Dataset entries:
- - -

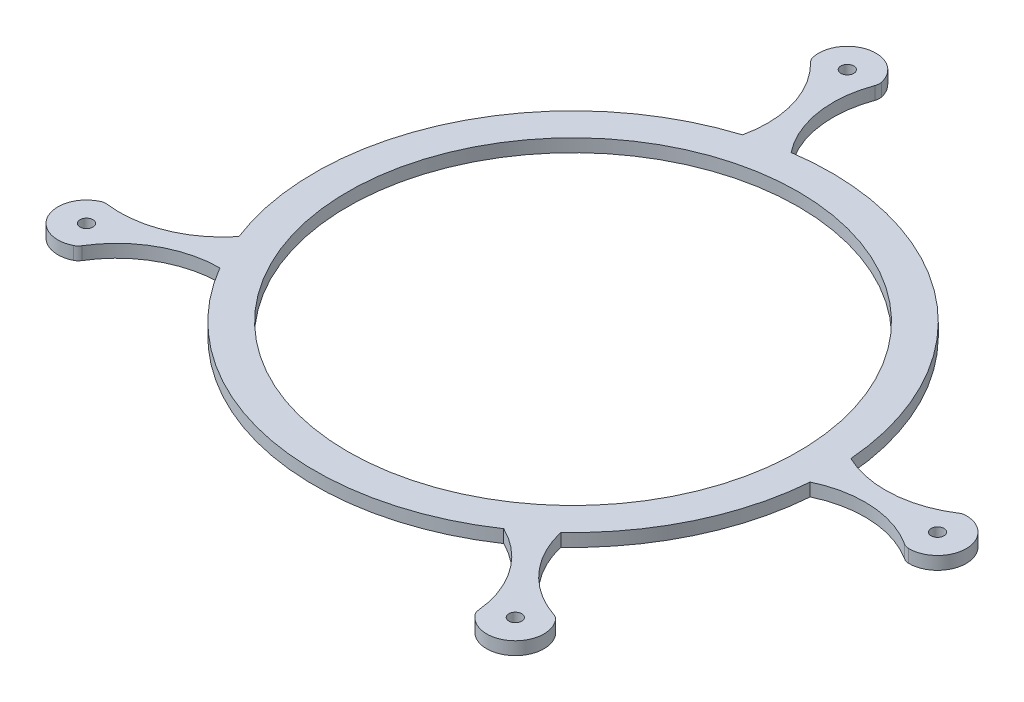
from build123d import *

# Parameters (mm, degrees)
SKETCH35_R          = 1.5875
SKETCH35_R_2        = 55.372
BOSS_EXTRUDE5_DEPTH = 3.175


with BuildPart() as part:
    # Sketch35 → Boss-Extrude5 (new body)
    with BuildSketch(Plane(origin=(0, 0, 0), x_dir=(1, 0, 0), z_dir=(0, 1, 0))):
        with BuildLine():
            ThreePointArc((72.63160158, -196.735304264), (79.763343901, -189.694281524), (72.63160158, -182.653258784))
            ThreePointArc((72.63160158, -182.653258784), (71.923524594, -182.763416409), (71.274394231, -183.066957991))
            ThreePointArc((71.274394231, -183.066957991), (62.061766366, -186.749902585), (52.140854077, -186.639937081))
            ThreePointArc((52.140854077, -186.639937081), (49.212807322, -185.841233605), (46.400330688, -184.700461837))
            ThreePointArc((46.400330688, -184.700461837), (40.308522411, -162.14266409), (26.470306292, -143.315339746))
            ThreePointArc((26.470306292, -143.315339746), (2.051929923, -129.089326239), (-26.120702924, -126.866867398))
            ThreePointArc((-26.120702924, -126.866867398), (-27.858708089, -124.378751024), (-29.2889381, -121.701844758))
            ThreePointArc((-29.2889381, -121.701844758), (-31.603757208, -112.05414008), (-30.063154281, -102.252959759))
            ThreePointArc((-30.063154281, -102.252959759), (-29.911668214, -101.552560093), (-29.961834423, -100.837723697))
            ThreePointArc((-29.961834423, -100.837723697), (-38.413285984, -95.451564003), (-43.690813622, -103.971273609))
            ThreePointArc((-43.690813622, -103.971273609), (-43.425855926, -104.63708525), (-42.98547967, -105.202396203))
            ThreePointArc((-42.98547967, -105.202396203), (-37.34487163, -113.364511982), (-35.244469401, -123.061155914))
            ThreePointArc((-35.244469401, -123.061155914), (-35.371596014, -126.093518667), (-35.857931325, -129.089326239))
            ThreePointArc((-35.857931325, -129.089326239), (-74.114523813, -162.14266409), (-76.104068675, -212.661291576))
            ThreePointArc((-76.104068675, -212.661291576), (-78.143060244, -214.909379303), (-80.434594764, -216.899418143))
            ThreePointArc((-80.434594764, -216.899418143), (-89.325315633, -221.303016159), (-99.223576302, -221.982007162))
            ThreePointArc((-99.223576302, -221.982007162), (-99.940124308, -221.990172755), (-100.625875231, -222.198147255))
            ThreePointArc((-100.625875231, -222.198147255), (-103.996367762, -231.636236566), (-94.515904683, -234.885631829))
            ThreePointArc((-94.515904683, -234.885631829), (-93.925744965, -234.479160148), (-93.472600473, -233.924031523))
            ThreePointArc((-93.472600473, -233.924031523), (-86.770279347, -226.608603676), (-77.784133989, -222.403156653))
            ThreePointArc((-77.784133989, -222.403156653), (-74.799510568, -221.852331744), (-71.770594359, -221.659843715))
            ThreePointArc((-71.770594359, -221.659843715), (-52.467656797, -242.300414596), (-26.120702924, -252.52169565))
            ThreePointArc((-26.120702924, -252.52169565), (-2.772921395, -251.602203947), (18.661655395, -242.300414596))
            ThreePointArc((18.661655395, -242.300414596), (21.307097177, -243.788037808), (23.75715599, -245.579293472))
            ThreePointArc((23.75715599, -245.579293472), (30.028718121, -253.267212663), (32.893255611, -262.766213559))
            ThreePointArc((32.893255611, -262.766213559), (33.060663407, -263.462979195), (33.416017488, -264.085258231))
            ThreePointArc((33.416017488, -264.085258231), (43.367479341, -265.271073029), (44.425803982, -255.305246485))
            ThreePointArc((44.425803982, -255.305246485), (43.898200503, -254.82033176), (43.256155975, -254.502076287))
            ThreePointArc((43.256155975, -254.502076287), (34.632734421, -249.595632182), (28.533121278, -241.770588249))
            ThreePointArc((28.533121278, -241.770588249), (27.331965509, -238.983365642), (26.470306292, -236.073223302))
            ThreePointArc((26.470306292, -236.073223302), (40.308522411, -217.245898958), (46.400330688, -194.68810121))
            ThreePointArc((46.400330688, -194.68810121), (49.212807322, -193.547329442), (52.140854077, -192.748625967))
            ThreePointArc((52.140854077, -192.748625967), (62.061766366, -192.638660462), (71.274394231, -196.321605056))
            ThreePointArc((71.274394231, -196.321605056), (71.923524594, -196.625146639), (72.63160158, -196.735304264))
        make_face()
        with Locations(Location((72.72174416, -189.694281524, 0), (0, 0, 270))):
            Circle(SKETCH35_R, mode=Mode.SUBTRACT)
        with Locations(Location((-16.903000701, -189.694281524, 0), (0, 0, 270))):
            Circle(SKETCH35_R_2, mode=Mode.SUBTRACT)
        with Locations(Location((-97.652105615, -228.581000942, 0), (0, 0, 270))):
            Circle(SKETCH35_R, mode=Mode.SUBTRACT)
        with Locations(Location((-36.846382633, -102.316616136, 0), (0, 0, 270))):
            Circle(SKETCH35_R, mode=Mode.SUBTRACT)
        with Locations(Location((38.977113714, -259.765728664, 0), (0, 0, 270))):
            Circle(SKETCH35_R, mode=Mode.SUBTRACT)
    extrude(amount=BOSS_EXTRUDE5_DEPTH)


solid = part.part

- - -

» WORK ITEM
What are the lines above, starting at the one with "-113.364511982), (-35.244469401, -123.061155914))" and ending at the one with "-263.462979195), (33.416017488, -264.085258231))"? Give them again exactly, and only them.

» RESPONSE FOR THIS EXERCISE
            ThreePointArc((-42.98547967, -105.202396203), (-37.34487163, -113.364511982), (-35.244469401, -123.061155914))
            ThreePointArc((-35.244469401, -123.061155914), (-35.371596014, -126.093518667), (-35.857931325, -129.089326239))
            ThreePointArc((-35.857931325, -129.089326239), (-74.114523813, -162.14266409), (-76.104068675, -212.661291576))
            ThreePointArc((-76.104068675, -212.661291576), (-78.143060244, -214.909379303), (-80.434594764, -216.899418143))
            ThreePointArc((-80.434594764, -216.899418143), (-89.325315633, -221.303016159), (-99.223576302, -221.982007162))
            ThreePointArc((-99.223576302, -221.982007162), (-99.940124308, -221.990172755), (-100.625875231, -222.198147255))
            ThreePointArc((-100.625875231, -222.198147255), (-103.996367762, -231.636236566), (-94.515904683, -234.885631829))
            ThreePointArc((-94.515904683, -234.885631829), (-93.925744965, -234.479160148), (-93.472600473, -233.924031523))
            ThreePointArc((-93.472600473, -233.924031523), (-86.770279347, -226.608603676), (-77.784133989, -222.403156653))
            ThreePointArc((-77.784133989, -222.403156653), (-74.799510568, -221.852331744), (-71.770594359, -221.659843715))
            ThreePointArc((-71.770594359, -221.659843715), (-52.467656797, -242.300414596), (-26.120702924, -252.52169565))
            ThreePointArc((-26.120702924, -252.52169565), (-2.772921395, -251.602203947), (18.661655395, -242.300414596))
            ThreePointArc((18.661655395, -242.300414596), (21.307097177, -243.788037808), (23.75715599, -245.579293472))
            ThreePointArc((23.75715599, -245.579293472), (30.028718121, -253.267212663), (32.893255611, -262.766213559))
            ThreePointArc((32.893255611, -262.766213559), (33.060663407, -263.462979195), (33.416017488, -264.085258231))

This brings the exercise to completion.